Silicon is an essential trace element that is required for physiological bone growth and health. Though silicon has been shown to have an essential effect on mineralised tissues, current research is still lacking understanding of many aspects of the mechanism involved and further knowledge enhancement is needed to fulfil this research gap. Another area of silica science where understanding is relatively more developed is the study of living organisms such as bacteria and plants that deposit silica during a process called biosilicification though even here the chemistry of the silica phase is incompletely understood. The main aims of this PhD research were to focus on understanding the role of silicon in different organisms.

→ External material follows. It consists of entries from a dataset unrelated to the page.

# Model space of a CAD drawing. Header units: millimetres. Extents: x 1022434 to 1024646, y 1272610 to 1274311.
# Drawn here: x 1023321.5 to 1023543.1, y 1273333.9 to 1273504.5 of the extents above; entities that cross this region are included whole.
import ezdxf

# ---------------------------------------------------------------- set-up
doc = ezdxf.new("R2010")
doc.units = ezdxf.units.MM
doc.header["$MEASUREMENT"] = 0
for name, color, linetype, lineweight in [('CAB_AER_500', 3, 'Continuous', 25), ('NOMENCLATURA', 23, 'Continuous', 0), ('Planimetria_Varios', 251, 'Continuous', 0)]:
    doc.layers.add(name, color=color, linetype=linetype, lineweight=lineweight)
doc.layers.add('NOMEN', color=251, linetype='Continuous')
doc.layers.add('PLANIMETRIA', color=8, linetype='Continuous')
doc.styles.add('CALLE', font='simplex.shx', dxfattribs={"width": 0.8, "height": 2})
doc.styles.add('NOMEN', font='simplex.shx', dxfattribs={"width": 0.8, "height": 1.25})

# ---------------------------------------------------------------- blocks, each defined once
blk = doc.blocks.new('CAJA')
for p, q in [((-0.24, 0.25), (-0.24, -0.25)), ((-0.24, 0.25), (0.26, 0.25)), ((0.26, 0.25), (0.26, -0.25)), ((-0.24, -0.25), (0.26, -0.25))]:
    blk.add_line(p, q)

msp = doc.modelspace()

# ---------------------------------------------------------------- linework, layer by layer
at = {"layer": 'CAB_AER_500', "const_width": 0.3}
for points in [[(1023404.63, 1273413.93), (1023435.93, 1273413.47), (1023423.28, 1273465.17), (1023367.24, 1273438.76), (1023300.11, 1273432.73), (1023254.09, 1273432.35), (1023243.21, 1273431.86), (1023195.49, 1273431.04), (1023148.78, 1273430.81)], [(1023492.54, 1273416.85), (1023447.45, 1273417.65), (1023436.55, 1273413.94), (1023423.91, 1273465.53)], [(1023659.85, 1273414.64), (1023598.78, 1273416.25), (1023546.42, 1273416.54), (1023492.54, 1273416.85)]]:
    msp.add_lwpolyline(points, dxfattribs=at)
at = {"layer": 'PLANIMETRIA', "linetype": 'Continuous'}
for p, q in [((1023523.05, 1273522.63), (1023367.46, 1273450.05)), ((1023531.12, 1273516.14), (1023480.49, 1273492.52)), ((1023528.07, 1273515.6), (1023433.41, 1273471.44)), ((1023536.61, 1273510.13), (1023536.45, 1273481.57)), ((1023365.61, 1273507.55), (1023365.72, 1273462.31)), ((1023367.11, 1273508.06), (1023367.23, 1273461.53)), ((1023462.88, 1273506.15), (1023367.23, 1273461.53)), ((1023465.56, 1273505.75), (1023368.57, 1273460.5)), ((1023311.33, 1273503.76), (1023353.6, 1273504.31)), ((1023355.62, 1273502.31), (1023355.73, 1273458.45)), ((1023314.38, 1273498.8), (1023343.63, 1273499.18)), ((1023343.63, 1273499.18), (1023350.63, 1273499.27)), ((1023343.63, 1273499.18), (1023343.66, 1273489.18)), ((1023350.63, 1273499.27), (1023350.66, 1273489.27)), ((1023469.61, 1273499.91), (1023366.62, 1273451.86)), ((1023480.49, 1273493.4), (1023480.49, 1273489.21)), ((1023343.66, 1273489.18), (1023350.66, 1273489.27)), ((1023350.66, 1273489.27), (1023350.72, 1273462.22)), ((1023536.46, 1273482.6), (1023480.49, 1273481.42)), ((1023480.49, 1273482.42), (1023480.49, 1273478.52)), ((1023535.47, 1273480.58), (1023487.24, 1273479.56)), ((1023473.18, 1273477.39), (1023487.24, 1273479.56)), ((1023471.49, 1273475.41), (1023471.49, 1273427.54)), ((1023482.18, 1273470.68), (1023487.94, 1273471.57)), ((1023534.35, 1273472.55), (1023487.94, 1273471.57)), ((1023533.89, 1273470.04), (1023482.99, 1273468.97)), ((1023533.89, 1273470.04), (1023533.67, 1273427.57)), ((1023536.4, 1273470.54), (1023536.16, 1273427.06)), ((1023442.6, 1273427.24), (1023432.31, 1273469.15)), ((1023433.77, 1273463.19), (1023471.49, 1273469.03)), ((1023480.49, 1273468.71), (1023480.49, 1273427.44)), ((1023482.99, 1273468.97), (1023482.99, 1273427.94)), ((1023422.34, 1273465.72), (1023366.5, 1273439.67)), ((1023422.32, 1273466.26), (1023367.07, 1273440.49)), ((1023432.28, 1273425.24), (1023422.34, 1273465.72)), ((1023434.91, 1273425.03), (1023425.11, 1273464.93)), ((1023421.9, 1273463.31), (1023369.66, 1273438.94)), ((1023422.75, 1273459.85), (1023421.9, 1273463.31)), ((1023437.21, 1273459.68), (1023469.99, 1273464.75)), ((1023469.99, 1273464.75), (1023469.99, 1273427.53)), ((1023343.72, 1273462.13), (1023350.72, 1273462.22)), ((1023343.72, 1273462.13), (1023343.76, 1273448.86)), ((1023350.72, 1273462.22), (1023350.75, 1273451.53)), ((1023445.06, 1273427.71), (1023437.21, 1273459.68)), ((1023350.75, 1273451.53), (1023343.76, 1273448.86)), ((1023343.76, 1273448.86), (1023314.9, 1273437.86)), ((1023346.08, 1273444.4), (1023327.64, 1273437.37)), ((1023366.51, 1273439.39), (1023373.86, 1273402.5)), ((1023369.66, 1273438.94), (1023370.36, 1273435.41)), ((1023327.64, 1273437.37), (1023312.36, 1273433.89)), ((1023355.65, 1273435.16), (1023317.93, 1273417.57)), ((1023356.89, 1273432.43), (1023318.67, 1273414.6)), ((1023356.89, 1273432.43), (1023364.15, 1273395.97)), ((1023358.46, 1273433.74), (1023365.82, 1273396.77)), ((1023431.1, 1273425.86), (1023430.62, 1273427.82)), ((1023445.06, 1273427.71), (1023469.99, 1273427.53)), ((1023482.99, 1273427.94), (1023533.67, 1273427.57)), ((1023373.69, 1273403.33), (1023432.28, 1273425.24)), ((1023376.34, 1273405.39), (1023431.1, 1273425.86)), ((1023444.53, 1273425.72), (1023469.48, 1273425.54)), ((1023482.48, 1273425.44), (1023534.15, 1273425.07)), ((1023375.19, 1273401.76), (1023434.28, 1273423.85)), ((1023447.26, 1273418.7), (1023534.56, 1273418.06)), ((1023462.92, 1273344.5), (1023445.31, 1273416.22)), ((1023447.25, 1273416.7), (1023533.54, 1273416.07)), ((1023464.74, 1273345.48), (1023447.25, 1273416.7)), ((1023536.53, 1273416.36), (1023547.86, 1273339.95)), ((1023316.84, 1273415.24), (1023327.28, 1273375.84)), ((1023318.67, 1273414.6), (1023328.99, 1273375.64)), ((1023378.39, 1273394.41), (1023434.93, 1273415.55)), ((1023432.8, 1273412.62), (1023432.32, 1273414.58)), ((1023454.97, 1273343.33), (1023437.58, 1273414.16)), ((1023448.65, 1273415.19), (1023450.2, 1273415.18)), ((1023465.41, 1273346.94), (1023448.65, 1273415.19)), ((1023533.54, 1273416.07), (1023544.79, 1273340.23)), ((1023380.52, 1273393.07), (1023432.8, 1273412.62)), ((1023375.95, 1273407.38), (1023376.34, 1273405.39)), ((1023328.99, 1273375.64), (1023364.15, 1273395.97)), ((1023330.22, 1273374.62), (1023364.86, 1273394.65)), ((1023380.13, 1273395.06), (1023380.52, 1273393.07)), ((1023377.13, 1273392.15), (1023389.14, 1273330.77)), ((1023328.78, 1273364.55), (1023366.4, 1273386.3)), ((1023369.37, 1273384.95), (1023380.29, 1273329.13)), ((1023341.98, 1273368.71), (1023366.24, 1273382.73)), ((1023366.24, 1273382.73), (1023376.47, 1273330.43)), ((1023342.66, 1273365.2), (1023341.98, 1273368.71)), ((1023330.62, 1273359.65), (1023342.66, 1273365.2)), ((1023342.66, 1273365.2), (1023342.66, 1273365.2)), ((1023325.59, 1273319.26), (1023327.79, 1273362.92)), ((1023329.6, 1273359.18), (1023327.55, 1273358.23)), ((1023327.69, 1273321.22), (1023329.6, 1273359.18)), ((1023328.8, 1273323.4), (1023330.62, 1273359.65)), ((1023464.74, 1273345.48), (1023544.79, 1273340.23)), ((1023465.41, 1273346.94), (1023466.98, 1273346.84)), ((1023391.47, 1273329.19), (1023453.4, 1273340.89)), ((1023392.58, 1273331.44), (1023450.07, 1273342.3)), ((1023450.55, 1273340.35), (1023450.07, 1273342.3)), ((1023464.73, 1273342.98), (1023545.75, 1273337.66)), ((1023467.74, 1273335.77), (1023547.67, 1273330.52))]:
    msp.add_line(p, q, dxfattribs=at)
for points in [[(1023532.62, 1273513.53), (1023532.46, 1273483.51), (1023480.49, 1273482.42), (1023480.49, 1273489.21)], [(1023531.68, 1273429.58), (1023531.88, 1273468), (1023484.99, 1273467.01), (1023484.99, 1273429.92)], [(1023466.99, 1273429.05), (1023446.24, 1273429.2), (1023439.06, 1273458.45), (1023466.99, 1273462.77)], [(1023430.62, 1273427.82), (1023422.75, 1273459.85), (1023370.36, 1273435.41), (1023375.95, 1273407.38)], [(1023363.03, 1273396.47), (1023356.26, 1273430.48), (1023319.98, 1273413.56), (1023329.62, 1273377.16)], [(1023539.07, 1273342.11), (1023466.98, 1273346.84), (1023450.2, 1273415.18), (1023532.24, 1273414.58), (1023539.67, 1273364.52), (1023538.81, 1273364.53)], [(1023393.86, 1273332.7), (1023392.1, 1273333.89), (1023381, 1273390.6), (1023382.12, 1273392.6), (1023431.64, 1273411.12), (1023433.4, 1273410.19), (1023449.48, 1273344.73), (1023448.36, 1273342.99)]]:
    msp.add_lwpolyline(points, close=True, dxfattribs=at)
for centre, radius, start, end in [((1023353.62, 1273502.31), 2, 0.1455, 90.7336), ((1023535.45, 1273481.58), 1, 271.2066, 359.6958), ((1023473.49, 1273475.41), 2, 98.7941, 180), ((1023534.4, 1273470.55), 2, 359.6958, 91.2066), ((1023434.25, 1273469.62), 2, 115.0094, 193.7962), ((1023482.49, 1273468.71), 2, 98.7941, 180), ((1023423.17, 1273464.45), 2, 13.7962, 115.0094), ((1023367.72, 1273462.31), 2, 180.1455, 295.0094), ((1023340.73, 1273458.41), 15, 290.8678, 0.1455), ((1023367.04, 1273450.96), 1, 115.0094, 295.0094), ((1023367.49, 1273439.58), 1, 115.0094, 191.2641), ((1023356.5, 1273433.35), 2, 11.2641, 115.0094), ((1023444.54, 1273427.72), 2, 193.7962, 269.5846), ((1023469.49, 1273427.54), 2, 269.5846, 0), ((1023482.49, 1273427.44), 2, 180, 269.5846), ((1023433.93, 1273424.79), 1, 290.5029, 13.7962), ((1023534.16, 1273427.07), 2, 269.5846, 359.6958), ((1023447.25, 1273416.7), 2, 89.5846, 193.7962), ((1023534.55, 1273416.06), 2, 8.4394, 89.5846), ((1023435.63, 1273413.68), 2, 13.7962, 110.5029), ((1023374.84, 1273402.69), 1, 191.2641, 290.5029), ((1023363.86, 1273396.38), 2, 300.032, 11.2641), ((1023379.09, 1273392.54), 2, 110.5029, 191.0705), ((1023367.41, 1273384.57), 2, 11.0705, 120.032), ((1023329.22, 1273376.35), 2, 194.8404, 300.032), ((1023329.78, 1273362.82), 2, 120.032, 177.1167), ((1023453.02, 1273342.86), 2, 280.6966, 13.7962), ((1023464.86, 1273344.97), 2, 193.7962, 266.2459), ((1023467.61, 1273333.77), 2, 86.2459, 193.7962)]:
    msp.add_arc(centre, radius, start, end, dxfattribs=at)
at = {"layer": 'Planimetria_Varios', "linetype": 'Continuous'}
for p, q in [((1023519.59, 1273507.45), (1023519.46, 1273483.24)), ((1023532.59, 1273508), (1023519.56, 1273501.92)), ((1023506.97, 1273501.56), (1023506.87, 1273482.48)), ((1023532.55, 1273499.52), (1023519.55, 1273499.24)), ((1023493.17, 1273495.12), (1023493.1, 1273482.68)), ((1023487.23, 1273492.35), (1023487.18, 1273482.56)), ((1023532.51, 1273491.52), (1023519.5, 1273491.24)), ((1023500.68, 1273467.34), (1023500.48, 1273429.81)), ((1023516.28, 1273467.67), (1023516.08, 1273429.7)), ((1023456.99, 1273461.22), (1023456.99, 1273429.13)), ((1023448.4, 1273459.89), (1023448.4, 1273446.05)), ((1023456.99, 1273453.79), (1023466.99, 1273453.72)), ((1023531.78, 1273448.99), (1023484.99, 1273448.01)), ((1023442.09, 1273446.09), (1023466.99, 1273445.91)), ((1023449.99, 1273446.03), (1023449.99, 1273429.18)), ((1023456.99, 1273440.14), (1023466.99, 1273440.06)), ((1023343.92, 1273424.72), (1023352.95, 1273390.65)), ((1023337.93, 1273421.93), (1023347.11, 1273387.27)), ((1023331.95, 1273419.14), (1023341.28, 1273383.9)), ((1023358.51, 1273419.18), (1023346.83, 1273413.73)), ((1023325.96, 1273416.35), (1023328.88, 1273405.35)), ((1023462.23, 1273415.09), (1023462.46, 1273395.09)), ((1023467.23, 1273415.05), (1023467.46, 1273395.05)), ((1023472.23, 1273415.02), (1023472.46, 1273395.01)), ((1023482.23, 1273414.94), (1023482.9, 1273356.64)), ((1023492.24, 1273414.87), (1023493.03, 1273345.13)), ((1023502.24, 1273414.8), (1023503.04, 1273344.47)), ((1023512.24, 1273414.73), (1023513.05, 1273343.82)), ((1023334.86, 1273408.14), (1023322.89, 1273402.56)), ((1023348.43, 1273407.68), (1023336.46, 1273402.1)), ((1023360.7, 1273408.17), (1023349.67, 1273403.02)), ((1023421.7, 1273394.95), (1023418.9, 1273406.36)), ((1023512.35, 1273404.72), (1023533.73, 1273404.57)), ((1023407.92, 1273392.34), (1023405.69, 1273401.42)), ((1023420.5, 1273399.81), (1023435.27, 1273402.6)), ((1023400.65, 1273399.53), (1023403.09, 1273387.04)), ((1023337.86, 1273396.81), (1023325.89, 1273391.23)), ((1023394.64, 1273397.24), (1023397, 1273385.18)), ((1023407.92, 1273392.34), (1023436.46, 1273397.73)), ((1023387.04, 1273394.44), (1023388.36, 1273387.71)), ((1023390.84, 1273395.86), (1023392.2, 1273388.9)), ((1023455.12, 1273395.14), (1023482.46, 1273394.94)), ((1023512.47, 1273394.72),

An Optically Sectioned Planar Format Indicator Displacement Assay (O-IDA) was developed to study silica-biomolecule interactions. An analytical tool to map surface charge properties of silica in silicifying organisms (both non-living and living samples) was implemented. And, a study to understand the role of silicon in animals through a transcriptome evaluation method, RNA sequencing with evaluation of differential gene expression, was performed. A fluorophore, PDMPO (2-(4-pyridyl)-5-((4-(2-dimethylaminoethylaminocarbamoyl)methoxy)phenyl)oxazole), was utilised to develop O-IDA and to implement the analytical tool to map surface charge. The binding affinities of a number of small molecules with different functionalities (amino acids, a drug, a polyamine) and large biomolecules (7-mer peptides) were studied through O-IDA where ΔGads values ranging from −12.82 to −7.82 kcal mol−1 were obtained where Ibuprofen was best and peptide L7 (LDHSLHS) was the worst silica binder. Hence, O-IDA has potential to be used to screen silica binders. The implementation of the surface charge mapping tool allowed a proxy measure of silica chemistry/acidity through zeta potential estimation. On application to various silicifying organisms, an exemplary sample of the basal stem of Equisetum arvense cell wall showed a range of -25 to -33 mV zeta potential values which led to an estimation of varying silica particle sizes to up to 100 nm.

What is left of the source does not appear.